▸ **Data extracted from a collection**:
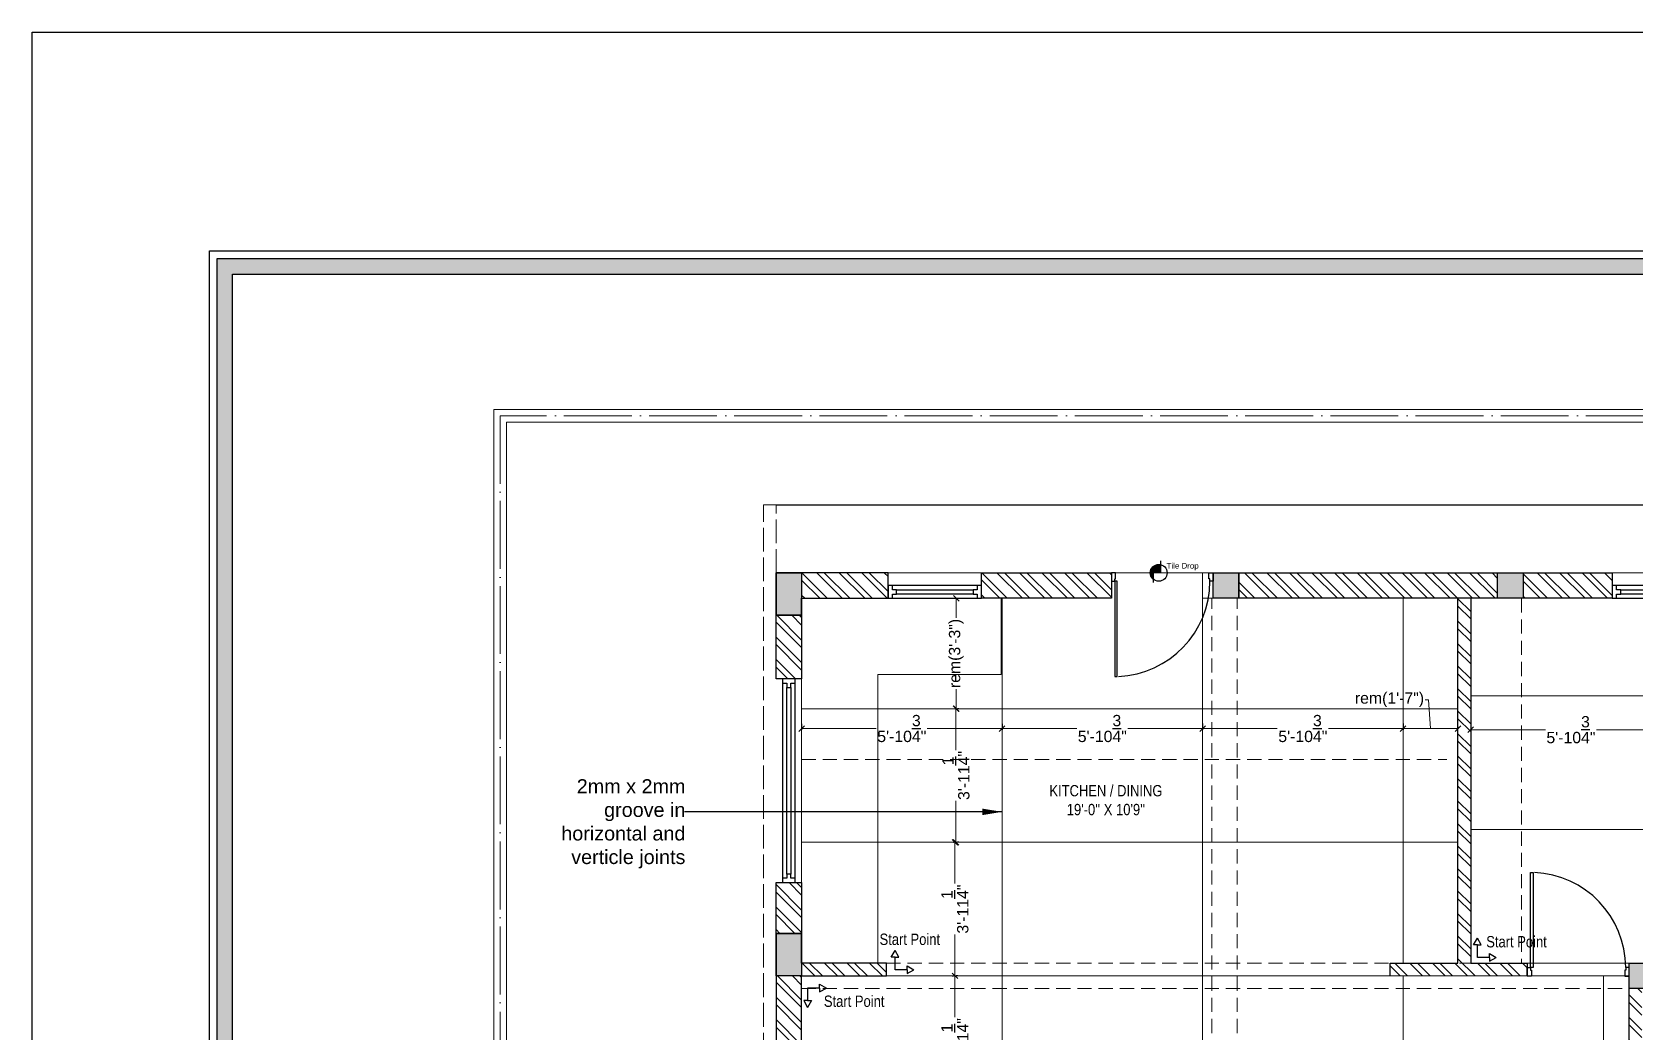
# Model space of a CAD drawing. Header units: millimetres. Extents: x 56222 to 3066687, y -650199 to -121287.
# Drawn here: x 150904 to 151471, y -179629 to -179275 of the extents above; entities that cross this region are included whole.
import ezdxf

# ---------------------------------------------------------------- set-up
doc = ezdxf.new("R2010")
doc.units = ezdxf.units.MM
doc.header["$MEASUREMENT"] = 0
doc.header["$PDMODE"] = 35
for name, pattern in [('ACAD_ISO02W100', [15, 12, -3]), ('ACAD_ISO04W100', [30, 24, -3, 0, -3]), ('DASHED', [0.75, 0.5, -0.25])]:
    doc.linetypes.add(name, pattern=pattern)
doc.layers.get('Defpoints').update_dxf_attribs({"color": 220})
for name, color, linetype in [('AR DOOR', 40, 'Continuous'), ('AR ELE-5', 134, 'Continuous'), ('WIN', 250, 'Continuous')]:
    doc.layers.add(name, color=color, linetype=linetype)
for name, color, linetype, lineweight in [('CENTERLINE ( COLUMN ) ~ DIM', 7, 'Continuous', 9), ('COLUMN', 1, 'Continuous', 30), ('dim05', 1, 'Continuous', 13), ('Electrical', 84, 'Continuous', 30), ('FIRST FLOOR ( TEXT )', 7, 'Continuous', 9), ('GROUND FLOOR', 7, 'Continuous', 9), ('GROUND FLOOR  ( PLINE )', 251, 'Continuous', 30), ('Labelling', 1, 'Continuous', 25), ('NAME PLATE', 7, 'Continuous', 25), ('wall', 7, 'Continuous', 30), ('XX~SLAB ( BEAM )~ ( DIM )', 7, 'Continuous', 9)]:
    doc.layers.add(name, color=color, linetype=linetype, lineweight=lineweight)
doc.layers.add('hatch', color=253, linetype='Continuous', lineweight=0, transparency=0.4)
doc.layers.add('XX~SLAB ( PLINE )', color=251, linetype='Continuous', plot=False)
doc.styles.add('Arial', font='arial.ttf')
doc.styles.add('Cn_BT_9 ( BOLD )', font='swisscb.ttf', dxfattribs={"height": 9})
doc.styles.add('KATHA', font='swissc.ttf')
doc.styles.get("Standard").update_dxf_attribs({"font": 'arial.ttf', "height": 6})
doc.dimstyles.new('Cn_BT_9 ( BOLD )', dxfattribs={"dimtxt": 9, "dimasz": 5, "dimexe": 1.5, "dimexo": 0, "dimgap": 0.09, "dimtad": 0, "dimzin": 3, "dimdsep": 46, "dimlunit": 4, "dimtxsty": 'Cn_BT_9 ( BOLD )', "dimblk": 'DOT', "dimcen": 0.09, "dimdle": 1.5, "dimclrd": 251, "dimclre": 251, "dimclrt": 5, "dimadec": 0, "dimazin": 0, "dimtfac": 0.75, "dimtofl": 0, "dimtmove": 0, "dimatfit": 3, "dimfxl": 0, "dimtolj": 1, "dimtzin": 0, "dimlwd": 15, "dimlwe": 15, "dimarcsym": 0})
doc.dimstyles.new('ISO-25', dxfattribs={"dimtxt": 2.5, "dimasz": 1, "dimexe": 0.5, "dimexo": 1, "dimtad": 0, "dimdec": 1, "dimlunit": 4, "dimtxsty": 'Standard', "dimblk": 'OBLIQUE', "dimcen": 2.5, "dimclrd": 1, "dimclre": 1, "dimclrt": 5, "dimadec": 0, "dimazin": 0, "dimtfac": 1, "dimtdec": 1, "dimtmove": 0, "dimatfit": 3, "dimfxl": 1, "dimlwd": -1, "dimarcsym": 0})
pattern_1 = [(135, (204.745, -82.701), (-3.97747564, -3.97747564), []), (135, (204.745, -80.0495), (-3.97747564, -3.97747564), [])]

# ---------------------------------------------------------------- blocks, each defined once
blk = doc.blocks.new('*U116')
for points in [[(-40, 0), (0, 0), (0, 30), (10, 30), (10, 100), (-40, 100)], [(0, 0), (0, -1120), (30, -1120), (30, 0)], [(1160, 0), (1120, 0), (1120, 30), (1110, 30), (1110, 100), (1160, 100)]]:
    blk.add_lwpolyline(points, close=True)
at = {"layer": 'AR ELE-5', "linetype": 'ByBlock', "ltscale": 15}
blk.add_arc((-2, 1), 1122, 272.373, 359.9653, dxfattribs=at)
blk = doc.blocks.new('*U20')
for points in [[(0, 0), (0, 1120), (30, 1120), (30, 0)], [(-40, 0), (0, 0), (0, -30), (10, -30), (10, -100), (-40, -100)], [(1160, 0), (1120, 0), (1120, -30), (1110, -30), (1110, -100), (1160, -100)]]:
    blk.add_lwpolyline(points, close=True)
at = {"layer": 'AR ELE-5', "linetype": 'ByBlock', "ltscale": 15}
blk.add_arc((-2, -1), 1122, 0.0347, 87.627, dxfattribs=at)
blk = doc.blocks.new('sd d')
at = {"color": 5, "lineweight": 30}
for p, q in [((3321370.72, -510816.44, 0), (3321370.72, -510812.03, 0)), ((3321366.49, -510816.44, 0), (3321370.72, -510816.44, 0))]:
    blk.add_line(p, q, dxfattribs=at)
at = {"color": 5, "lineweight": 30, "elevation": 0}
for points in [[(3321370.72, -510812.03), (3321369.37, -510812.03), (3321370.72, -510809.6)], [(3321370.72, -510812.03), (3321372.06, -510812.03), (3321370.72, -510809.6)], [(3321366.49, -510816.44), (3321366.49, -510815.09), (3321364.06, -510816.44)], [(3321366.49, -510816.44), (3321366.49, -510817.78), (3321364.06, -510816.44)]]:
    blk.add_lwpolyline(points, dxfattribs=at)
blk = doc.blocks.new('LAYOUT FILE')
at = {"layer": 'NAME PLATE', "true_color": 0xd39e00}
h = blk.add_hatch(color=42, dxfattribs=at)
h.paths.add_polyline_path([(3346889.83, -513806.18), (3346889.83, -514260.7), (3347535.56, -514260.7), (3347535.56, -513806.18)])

▸ **WHAT IS REQUIRED**: Each line of the entries holding the string "ezdxf" should be found and copied.

▸ **SOLUTION TO THIS PROBLEM**:
import ezdxf
doc = ezdxf.new("R2010")
doc.units = ezdxf.units.MM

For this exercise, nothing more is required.